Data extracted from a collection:

****************************************

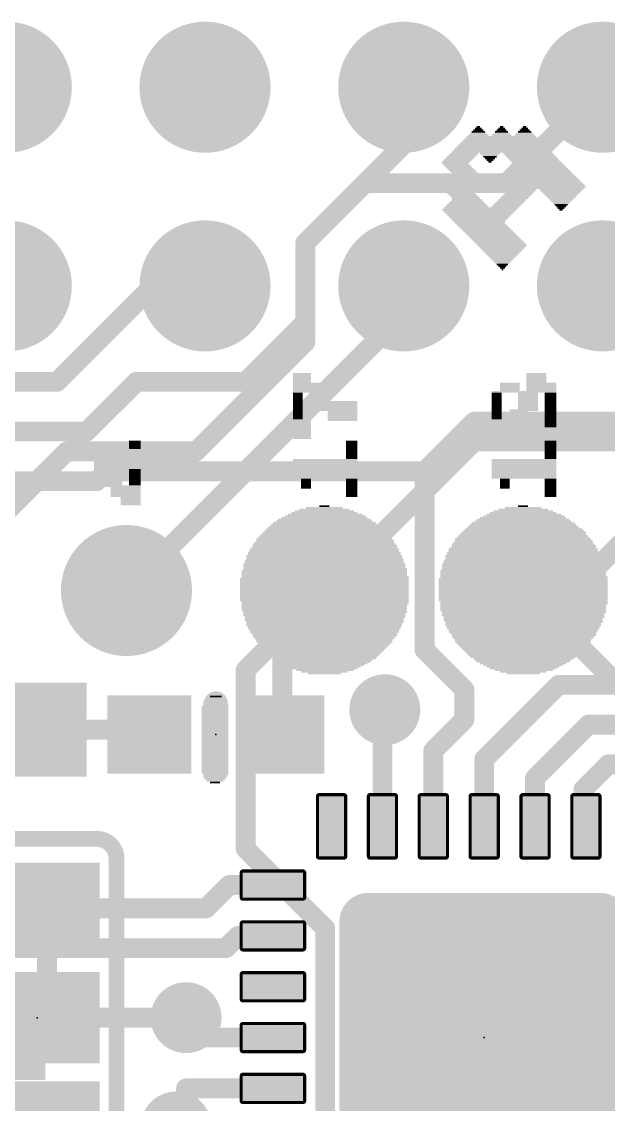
# Model space of a CAD drawing. Extents: x -8 to 72.9, y -20.5 to 38.
# Drawn here: x 11.11 to 18.6, y 14.77 to 28.61 of the extents above; entities that cross this region are included whole.
import ezdxf

# ---------------------------------------------------------------- set-up
doc = ezdxf.new("R2010")
doc.units = 0
for name, color, linetype in [('1', 12, 'CONTINUOUS'), ('16', 132, 'CONTINUOUS'), ('17', 110, 'CONTINUOUS'), ('18', 110, 'CONTINUOUS'), ('203', 40, 'CONTINUOUS'), ('21', 40, 'CONTINUOUS'), ('22', 253, 'CONTINUOUS'), ('23', 53, 'CONTINUOUS'), ('24', 53, 'CONTINUOUS')]:
    doc.layers.add(name, color=color, linetype=linetype)

# ---------------------------------------------------------------- blocks, each defined once
blk = doc.blocks.new('RECT')
blk.add_solid([(-0.5, -0.5), (0.5, -0.5), (-0.5, 0.5), (0.5, 0.5)])
blk = doc.blocks.new('ROUNDP')
at = {"const_width": 0.5}
blk.add_lwpolyline([(0, -0.25, 1), (0, 0.25, 1), (0, -0.25)], format="xyb", dxfattribs=at)
blk = doc.blocks.new('RECT136000X64000R20')
at = {"const_width": 0.04}
blk.add_lwpolyline([(0.405, -0.16), (0.405, 0.16, 0.4142), (0.385, 0.18), (-0.385, 0.18, 0.4142), (-0.405, 0.16), (-0.405, -0.16, 0.4142), (-0.385, -0.18), (0.385, -0.18, 0.4142)], format="xyb", close=True, dxfattribs=at)
blk.add_solid([(-0.395, -0.17), (0.395, -0.17), (-0.395, 0.17), (0.395, 0.17)])
blk = doc.blocks.new('RECT64000X136000R20')
at = {"const_width": 0.04}
blk.add_lwpolyline([(0.18, -0.385), (0.18, 0.385, 0.4142), (0.16, 0.405), (-0.16, 0.405, 0.4142), (-0.18, 0.385), (-0.18, -0.385, 0.4142), (-0.16, -0.405), (0.16, -0.405, 0.4142)], format="xyb", close=True, dxfattribs=at)
blk.add_solid([(-0.17, -0.395), (0.17, -0.395), (-0.17, 0.395), (0.17, 0.395)])
blk = doc.blocks.new('RECT592000X592000R20')
at = {"const_width": 0.37}
blk.add_lwpolyline([(1.665, -1.48), (1.665, 1.48, 0.4142), (1.48, 1.665), (-1.48, 1.665, 0.4142), (-1.665, 1.48), (-1.665, -1.48, 0.4142), (-1.48, -1.665), (1.48, -1.665, 0.4142)], format="xyb", close=True, dxfattribs=at)
blk.add_solid([(-1.5054, -1.5054), (1.5054, -1.5054), (-1.5054, 1.5054), (1.5054, 1.5054)])
blk = doc.blocks.new('ROUNDV')
at = {"const_width": 0.5}
blk.add_lwpolyline([(0, -0.25, 1), (0, 0.25, 1), (0, -0.25)], format="xyb", dxfattribs=at)

msp = doc.modelspace()

# ---------------------------------------------------------------- linework, layer by layer
at = {"layer": '1', "const_width": 0.254}
for points in [[(15.99, 27.039), (15.99, 27.77)], [(14.732, 25.781), (15.99, 27.039)], [(14.732, 24.765), (14.732, 25.781)], [(11.557, 24.003), (12.784, 25.23)], [(12.784, 25.23), (13.45, 25.23)], [(13.97, 24.003), (14.732, 24.765)], [(7.874, 24.003), (11.557, 24.003)], [(11.938, 23.368), (12.573, 24.003)], [(12.573, 24.003), (13.97, 24.003)], [(16.256, 22.86), (16.891, 23.495)], [(16.891, 23.495), (21.336, 23.495)], [(8.255, 23.368), (11.938, 23.368)], [(12.192, 22.86), (12.065, 22.733)], [(12.192, 22.86), (16.256, 22.86)], [(16.256, 22.86), (16.256, 20.5775)], [(12.065, 22.733), (9.271, 22.733)], [(14.439, 20.789), (14.986, 21.336)], [(14.439, 19.4945), (14.439, 20.789)], [(16.764, 20.0695), (16.256, 20.5775)], [(17.9705, 20.1295), (17.018, 19.177)], [(46.3703, 20.1295), (17.9705, 20.1295)], [(16.764, 19.685), (16.764, 20.0695)], [(15.718, 19.782), (15.748, 19.812)], [(15.718, 18.321), (15.718, 19.782)], [(16.368, 19.289), (16.764, 19.685)], [(11.337, 19.558), (12.739, 19.558)], [(12.739, 19.558), (12.739, 19.4945)], [(17.668, 18.938), (18.3515, 19.6215)], [(18.3515, 19.6215), (19.6215, 19.6215)], [(16.368, 18.321), (16.368, 19.289)], [(17.018, 19.177), (17.018, 18.321)], [(18.6055, 19.1135), (18.288, 18.796)], [(19.3675, 19.1135), (18.6055, 19.1135)], [(17.668, 18.321), (17.668, 18.938)], [(18.288, 18.796), (18.288, 18.351)], [(18.288, 18.351), (18.318, 18.321)], [(13.462, 17.272), (13.761, 17.571)], [(13.761, 17.571), (14.318, 17.571)], [(7.874, 17.272), (13.462, 17.272)], [(13.716, 16.764), (13.873, 16.921)], [(13.873, 16.921), (14.318, 16.921)], [(7.493, 16.764), (13.716, 16.764)], [(13.208, 15.875), (13.462, 15.621)], [(13.462, 15.621), (14.318, 15.621)], [(13.208, 14.351), (13.208, 14.971)], [(14.318, 14.971), (13.208, 14.971)]]:
    msp.add_lwpolyline(points, dxfattribs=at)
at = {"layer": '1', "const_width": 0.127}
for points in [[(16.0535, 27.77, 1), (15.9265, 27.77)], [(16.0349, 26.9941, 1), (15.9451, 27.0839)], [(15.9265, 27.039, 1), (16.0535, 27.039)], [(14.7955, 25.781, 1), (14.6685, 25.781)], [(14.6871, 25.8259, 1), (14.7769, 25.7361)], [(12.784, 25.2935, 1), (12.784, 25.1665)], [(12.8289, 25.1851, 1), (12.7391, 25.2749)], [(13.45, 25.1665, 1), (13.45, 25.2935)], [(14.6685, 24.765, 1), (14.7955, 24.765)], [(14.7769, 24.7201, 1), (14.6871, 24.8099)], [(11.5121, 24.0479, 1), (11.6019, 23.9581)], [(11.557, 23.9395, 1), (11.557, 24.0665)], [(12.573, 24.0665, 1), (12.573, 23.9395)], [(12.6179, 23.9581, 1), (12.5281, 24.0479)], [(13.9251, 24.0479, 1), (14.0149, 23.9581)], [(13.97, 23.9395, 1), (13.97, 24.0665)], [(16.891, 23.5585, 1), (16.891, 23.4315)], [(16.9359, 23.4501, 1), (16.8461, 23.5399)], [(11.8931, 23.4129, 1), (11.9829, 23.3231)], [(11.938, 23.3045, 1), (11.938, 23.4315)], [(12.192, 22.9235, 1), (12.192, 22.7965)], [(12.2369, 22.8151, 1), (12.1471, 22.9049)], [(16.3195, 22.86, 1), (16.1925, 22.86)], [(16.256, 22.7965, 1), (16.256, 22.9235)], [(12.0201, 22.7779, 1), (12.1099, 22.6881)], [(12.065, 22.6695, 1), (12.065, 22.7965)], [(16.2111, 22.9049, 1), (16.3009, 22.8151)], [(15.0309, 21.2911, 1), (14.9411, 21.3809)], [(14.5025, 20.789, 1), (14.3755, 20.789)], [(14.3941, 20.8339, 1), (14.4839, 20.7441)], [(16.3009, 20.6224, 1), (16.2111, 20.5326)], [(16.1925, 20.5775, 1), (16.3195, 20.5775)], [(17.9705, 20.193, 1), (17.9705, 20.066)], [(18.0154, 20.0846, 1), (17.9256, 20.1744)], [(16.8275, 20.0695, 1), (16.7005, 20.0695)], [(16.7191, 20.0246, 1), (16.8089, 20.1144)], [(15.7929, 19.7671, 1), (15.7031, 19.8569)], [(15.7815, 19.782, 1), (15.6545, 19.782)], [(15.6731, 19.8269, 1), (15.7629, 19.7371)], [(16.8089, 19.6401, 1), (16.7191, 19.7299)], [(11.337, 19.6215, 1), (11.337, 19.4945)], [(12.8025, 19.558, 1), (12.6755, 19.558)], [(12.739, 19.4945, 1), (12.739, 19.6215)], [(16.7005, 19.685, 1), (16.8275, 19.685)], [(18.3515, 19.685, 1), (18.3515, 19.558)], [(18.3964, 19.5766, 1), (18.3066, 19.6664)], [(12.6755, 19.4945, 1), (12.8025, 19.4945)], [(14.3755, 19.4945, 1), (14.5025, 19.4945)], [(16.4315, 19.289, 1), (16.3045, 19.289)], [(16.3231, 19.3339, 1), (16.4129, 19.2441)], [(17.0815, 19.177, 1), (16.9545, 19.177)], [(16.9731, 19.2219, 1), (17.0629, 19.1321)], [(18.6055, 19.177, 1), (18.6055, 19.05)], [(18.6504, 19.0686, 1), (18.5606, 19.1584)], [(17.7315, 18.938, 1), (17.6045, 18.938)], [(17.6231, 18.9829, 1), (17.7129, 18.8931)], [(18.3515, 18.796, 1), (18.2245, 18.796)], [(18.2431, 18.8409, 1), (18.3329, 18.7511)], [(18.3329, 18.3959, 1), (18.2431, 18.3061)], [(18.2245, 18.351, 1), (18.3515, 18.351)], [(18.2731, 18.2761, 1), (18.3629, 18.3659)], [(15.6545, 18.321, 1), (15.7815, 18.321)], [(16.3045, 18.321, 1), (16.4315, 18.321)], [(16.9545, 18.321, 1), (17.0815, 18.321)], [(17.6045, 18.321, 1), (17.7315, 18.321)], [(13.761, 17.6345, 1), (13.761, 17.5075)], [(13.8059, 17.5261, 1), (13.7161, 17.6159)], [(14.318, 17.5075, 1), (14.318, 17.6345)], [(13.4171, 17.3169, 1), (13.5069, 17.2271)], [(13.462, 17.2085, 1), (13.462, 17.3355)], [(13.873, 16.9845, 1), (13.873, 16.8575)], [(13.9179, 16.8761, 1), (13.8281, 16.9659)], [(14.318, 16.8575, 1), (14.318, 16.9845)], [(13.716, 16.7005, 1), (13.716, 16.8275)], [(13.6711, 16.8089, 1), (13.7609, 16.7191)], [(13.2529, 15.9199, 1), (13.1631, 15.8301)], [(13.462, 15.6845, 1), (13.462, 15.5575)], [(13.4171, 15.5761, 1), (13.5069, 15.6659)], [(14.318, 15.5575, 1), (14.318, 15.6845)], [(13.2715, 14.971, 1), (13.1445, 14.971)], [(13.208, 15.0345, 1), (13.208, 14.9075)], [(14.318, 14.9075, 1), (14.318, 15.0345)]]:
    msp.add_lwpolyline(points, format="xyb", dxfattribs=at)
at = {"layer": '16', "const_width": 0.254}
for points in [[(18.53, 27.77), (17.303, 26.543)], [(15.494, 26.543), (14.732, 25.781)], [(17.303, 26.543), (15.494, 26.543)], [(14.732, 25.781), (14.732, 24.511)], [(15.99, 24.88), (15.99, 25.23)], [(12.446, 21.336), (15.99, 24.88)], [(14.732, 24.511), (13.335, 23.114)], [(14.986, 21.336), (16.891, 23.241)], [(16.891, 23.241), (18.923, 23.241)], [(18.161, 21.336), (20.066, 23.241)], [(11.684, 23.114), (9.906, 21.336)], [(13.335, 23.114), (11.684, 23.114)], [(14.986, 21.336), (13.97, 20.32)], [(17.526, 21.336), (18.161, 21.336)], [(19.304, 19.558), (17.526, 21.336)], [(13.97, 20.32), (13.97, 18.034)], [(13.97, 18.034), (14.986, 17.018)], [(11.43, 17.272), (11.43, 16.129)], [(14.986, 17.018), (14.986, 13.462)], [(11.303, 16.002), (11.43, 16.129)], [(11.303, 15.875), (11.303, 16.002)], [(11.303, 15.875), (13.208, 15.875)]]:
    msp.add_lwpolyline(points, dxfattribs=at)
at = {"layer": '16', "const_width": 0.127}
for points in [[(18.5749, 27.7251, 1), (18.4851, 27.8149)], [(15.494, 26.6065, 1), (15.494, 26.4795)], [(15.5389, 26.4981, 1), (15.4491, 26.5879)], [(17.2581, 26.5879, 1), (17.3479, 26.4981)], [(17.303, 26.4795, 1), (17.303, 26.6065)], [(14.7955, 25.781, 1), (14.6685, 25.781)], [(14.6871, 25.8259, 1), (14.7769, 25.7361)], [(16.0535, 25.23, 1), (15.9265, 25.23)], [(15.9265, 24.88, 1), (16.0535, 24.88)], [(16.0349, 24.8351, 1), (15.9451, 24.9249)], [(14.7769, 24.4661, 1), (14.6871, 24.5559)], [(14.6685, 24.511, 1), (14.7955, 24.511)], [(16.891, 23.3045, 1), (16.891, 23.1775)], [(16.9359, 23.1961, 1), (16.8461, 23.2859)], [(11.684, 23.1775, 1), (11.684, 23.0505)], [(11.7289, 23.0691, 1), (11.6391, 23.1589)], [(13.2901, 23.1589, 1), (13.3799, 23.0691)], [(13.335, 23.0505, 1), (13.335, 23.1775)], [(15.0309, 21.2911, 1), (14.9411, 21.3809)], [(17.526, 21.3995, 1), (17.526, 21.2725)], [(17.5709, 21.3809, 1), (17.4811, 21.2911)], [(18.161, 21.2725, 1), (18.161, 21.3995)], [(12.4011, 21.3809, 1), (12.4909, 21.2911)], [(14.9411, 21.3809, 1), (15.0309, 21.2911)], [(18.1161, 21.3809, 1), (18.2059, 21.2911)], [(14.0335, 20.32, 1), (13.9065, 20.32)], [(13.9251, 20.3649, 1), (14.0149, 20.2751)], [(14.0149, 18.0789, 1), (13.9251, 17.9891)], [(13.9065, 18.034, 1), (14.0335, 18.034)], [(11.4935, 17.272, 1), (11.3665, 17.272)], [(15.0495, 17.018, 1), (14.9225, 17.018)], [(14.9411, 16.9731, 1), (15.0309, 17.0629)], [(11.4749, 16.0841, 1), (11.3851, 16.1739)], [(11.3665, 16.002, 1), (11.2395, 16.002)], [(11.2581, 16.0469, 1), (11.3479, 15.9571)], [(11.3665, 16.129, 1), (11.4935, 16.129)], [(11.303, 15.9385, 1), (11.303, 15.8115)], [(11.2395, 15.875, 1), (11.3665, 15.875)], [(13.208, 15.8115, 1), (13.208, 15.9385)]]:
    msp.add_lwpolyline(points, format="xyb", dxfattribs=at)
at = {"layer": '21', "const_width": 0.3048}
msp.add_lwpolyline([(13.589, 19.8945), (13.589, 19.0945)], dxfattribs=at)
at = {"layer": '21', "const_width": 0.1524}
for points in [[(13.6652, 19.8945, 1), (13.5128, 19.8945)], [(13.5128, 19.0945, 1), (13.6652, 19.0945)]]:
    msp.add_lwpolyline(points, format="xyb", dxfattribs=at)
at = {"layer": '22', "const_width": 0.2032}
for points in [[(12.065, 18.161), (10.541, 18.161)], [(12.319, 13.843), (12.319, 17.907)]]:
    msp.add_lwpolyline(points, dxfattribs=at)
at = {"layer": '22'}
for points, const_width in [([(12.319, 17.907, 0.4142), (12.065, 18.161)], 0.2032), ([(12.065, 18.2118, 1), (12.065, 18.1102)], 0.1016), ([(12.065, 18.1102, 1), (12.065, 18.2118)], 0.1016), ([(12.3698, 17.907, 1), (12.2682, 17.907)], 0.1016), ([(12.2682, 17.907, 1), (12.3698, 17.907)], 0.1016)]:
    msp.add_lwpolyline(points, format="xyb", dxfattribs=dict(at, const_width=const_width))
at = {"layer": '23'}
for p in [(13.589, 19.4945), (17.018, 15.621)]:
    msp.add_point(p, dxfattribs=at)
at = {"layer": '24'}
msp.add_point((11.303, 15.875), dxfattribs=at)

# ---------------------------------------------------------------- block references
at = {"layer": '1'}
for p, xscale, yscale, rotation in [((11.337, 19.558), 1.2, 1.2, 270), ((9.158, 15.728), 1.3, 4.5, 90)]:
    msp.add_blockref('RECT', p, dxfattribs=dict(at, xscale=xscale, yscale=yscale, rotation=rotation))
at = {"layer": '1', "xscale": 1.075}
for p in [(12.739, 19.4945), (14.439, 19.4945)]:
    msp.add_blockref('RECT', p, dxfattribs=at)
at = {"layer": '1', "rotation": 270}
for name, p in [('RECT136000X64000R20', (15.068, 18.321)), ('RECT136000X64000R20', (15.718, 18.321)), ('RECT136000X64000R20', (16.368, 18.321)), ('RECT136000X64000R20', (17.018, 18.321)), ('RECT136000X64000R20', (17.668, 18.321)), ('RECT136000X64000R20', (18.318, 18.321)), ('RECT64000X136000R20', (14.318, 17.571)), ('RECT592000X592000R20', (17.018, 15.621)), ('RECT64000X136000R20', (14.318, 16.921)), ('RECT64000X136000R20', (14.318, 16.271)), ('RECT64000X136000R20', (14.318, 15.621)), ('RECT64000X136000R20', (14.318, 14.971))]:
    msp.add_blockref(name, p, dxfattribs=at)
at = {"layer": '16', "xscale": 1.1684, "yscale": 1.6002, "rotation": 270}
for p in [(11.303, 17.272), (11.303, 15.875), (11.303, 14.478)]:
    msp.add_blockref('RECT', p, dxfattribs=at)
at = {"layer": '17', "xscale": 1.6764, "yscale": 1.6764}
for p in [(10.91, 27.77), (10.91, 27.77), (13.45, 27.77), (13.45, 27.77), (15.99, 27.77), (15.99, 27.77), (18.53, 27.77), (18.53, 27.77), (10.91, 25.23), (10.91, 25.23), (13.45, 25.23), (13.45, 25.23), (15.99, 25.23), (15.99, 25.23), (18.53, 25.23), (18.53, 25.23)]:
    msp.add_blockref('ROUNDP', p, dxfattribs=at)
at = {"layer": '17', "xscale": 1.6764, "yscale": 1.6764, "rotation": 90}
for p in [(12.446, 21.336), (12.446, 21.336), (14.986, 21.336), (14.986, 21.336), (17.526, 21.336), (17.526, 21.336)]:
    msp.add_blockref('ROUNDP', p, dxfattribs=at)
at = {"layer": '18', "xscale": 0.9064, "yscale": 0.9064}
for p in [(15.748, 19.812), (15.748, 19.812), (13.208, 15.875), (13.208, 15.875), (13.081, 14.478), (13.081, 14.478)]:
    msp.add_blockref('ROUNDV', p, dxfattribs=at)
at = {"layer": '203', "yscale": 0.0212}
for p, xscale in [((16.9432, 27.2616), 0.0423), ((17.2396, 27.2616), 0.0423), ((17.5359, 27.2616), 0.0423), ((17.2396, 27.1346), 0.889), ((16.9432, 27.1557), 0.254), ((16.9432, 27.1769), 0.2117), ((16.9432, 27.1981), 0.1693), ((16.9432, 27.2192), 0.127), ((16.9432, 27.2404), 0.0847), ((17.2396, 27.1557), 0.254), ((17.2396, 27.1769), 0.2117), ((17.2396, 27.1981), 0.1693), ((17.2396, 27.2192), 0.127), ((17.2396, 27.2404), 0.0847), ((17.5359, 27.1557), 0.254), ((17.5359, 27.1769), 0.2117), ((17.5359, 27.1981), 0.1693), ((17.5359, 27.2192), 0.127), ((17.5359, 27.2404), 0.0847), ((17.2396, 26.9864), 1.1853), ((17.2396, 27.0076), 1.143), ((17.2396, 27.0288), 1.1006), ((17.2396, 27.0499), 1.0583), ((17.2396, 27.0711), 1.016), ((17.2396, 27.0922), 0.9736), ((17.2396, 27.1134), 0.9313), ((16.6998, 26.8594), 0.3598), ((16.721, 26.8806), 0.3598), ((16.7422, 26.9018), 0.3598), ((16.7633, 26.9229), 0.3598), ((17.2396, 26.9441), 1.27), ((17.2396, 26.9653), 1.2276), ((17.0914, 26.9229), 0.254), ((17.0914, 26.9018), 0.2117), ((17.0914, 26.8806), 0.1693), ((17.0914, 26.8594), 0.127), ((17.5782, 26.9229), 0.635), ((17.5994, 26.9018), 0.635), ((17.6205, 26.8806), 0.635), ((17.6417, 26.8594), 0.635), ((16.6469, 26.7959), 0.3387), ((16.6575, 26.8171), 0.3598), ((16.6681, 26.7748), 0.3387), ((16.6787, 26.8383), 0.3598), ((16.6893, 26.7536), 0.3387), ((16.7104, 26.7324), 0.3387), ((16.7316, 26.7113), 0.3387), ((17.0914, 26.8383), 0.0847), ((17.0914, 26.8171), 0.0423), ((17.6629, 26.8383), 0.635), ((17.684, 26.8171), 0.635), ((17.7052, 26.7959), 0.635), ((17.7264, 26.7748), 0.635), ((17.7475, 26.7536), 0.635), ((17.7687, 26.7324), 0.635), ((17.7899, 26.7113), 0.635), ((16.7316, 26.5843), 0.3387), ((16.7527, 26.6901), 0.3387), ((16.7527, 26.6054), 0.3387), ((16.7739, 26.6689), 0.3387), ((16.7739, 26.6266), 0.3387), ((16.7845, 26.6478), 0.3175), ((17.8428, 26.5843), 0.7831), ((17.8428, 26.6054), 0.7408), ((17.811, 26.6901), 0.635), ((17.8428, 26.6266), 0.6985), ((17.8322, 26.6689), 0.635), ((17.8428, 26.6478), 0.6561), ((16.6469, 26.4996), 0.3387), ((16.6575, 26.4784), 0.3598), ((16.6681, 26.5208), 0.3387), ((16.6787, 26.4573), 0.3598), ((16.6893, 26.5419), 0.3387), ((16.6998, 26.4361), 0.3598), ((16.7104, 26.5631), 0.3387), ((17.483, 26.4361), 0.3598), ((17.5041, 26.4573), 0.3598), ((17.8216, 26.4784), 0.9525), ((17.8428, 26.4996), 0.9525), ((17.8428, 26.5208), 0.9101), ((17.8428, 26.5419), 0.8678), ((17.8428, 26.5631), 0.8255), ((18.0015, 26.4573), 0.5503), ((18.0015, 26.4361), 0.508), ((16.721, 26.4149), 0.3598), ((16.7422, 26.3938), 0.3598), ((16.7951, 26.2879), 0.4656), ((16.7633, 26.3726), 0.3598), ((16.7951, 26.3091), 0.4233), ((16.7845, 26.3514), 0.3598), ((16.7951, 26.3303), 0.381), ((17.3348, 26.2879), 0.3598), ((17.356, 26.3091), 0.3598), ((17.3771, 26.3303), 0.3598), ((17.3983, 26.3514), 0.3598), ((17.4195, 26.3726), 0.3598), ((17.4406, 26.3938), 0.3598), ((17.4618, 26.4149), 0.3598), ((18.0015, 26.4149), 0.4657), ((18.0015, 26.3938), 0.4233), ((18.0015, 26.3726), 0.381), ((18.0015, 26.3514), 0.3387), ((18.0015, 26.3303), 0.2963), ((18.0015, 26.3091), 0.254), ((18.0015, 26.2879), 0.2117), ((16.9538, 26.2033), 0.9525), ((16.975, 26.2245), 0.9525), ((16.9538, 26.1821), 0.9101), ((16.9538, 26.161), 0.8678), ((16.7951, 26.2456), 0.5503), ((16.7951, 26.2668), 0.508), ((17.2925, 26.2456), 0.3598), ((17.3136, 26.2668), 0.3598), ((18.0015, 26.2668), 0.1693), ((18.0015, 26.2456), 0.127), ((18.0015, 26.2245), 0.0847), ((18.0015, 26.2033), 0.0423), ((16.9538, 26.1398), 0.8255), ((16.9538, 26.1186), 0.7831), ((16.9538, 26.0975), 0.7408), ((16.9538, 26.0763), 0.6985), ((16.9538, 26.0551), 0.6561), ((16.9644, 26.034), 0.635), ((16.9856, 26.0128), 0.635), ((17.0067, 25.9916), 0.635), ((17.0279, 25.9705), 0.635), ((17.0491, 25.9493), 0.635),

****************************************

* **WORK INSTRUCTIONS**
Search the records line by line for the word "yscale" and copy every line where it appears.

* **RESULT FOR THIS TASK**
for p, xscale, yscale, rotation in [((11.337, 19.558), 1.2, 1.2, 270), ((9.158, 15.728), 1.3, 4.5, 90)]:
    msp.add_blockref('RECT', p, dxfattribs=dict(at, xscale=xscale, yscale=yscale, rotation=rotation))
at = {"layer": '16', "xscale": 1.1684, "yscale": 1.6002, "rotation": 270}
at = {"layer": '17', "xscale": 1.6764, "yscale": 1.6764}
at = {"layer": '17', "xscale": 1.6764, "yscale": 1.6764, "rotation": 90}
at = {"layer": '18', "xscale": 0.9064, "yscale": 0.9064}
at = {"layer": '203', "yscale": 0.0212}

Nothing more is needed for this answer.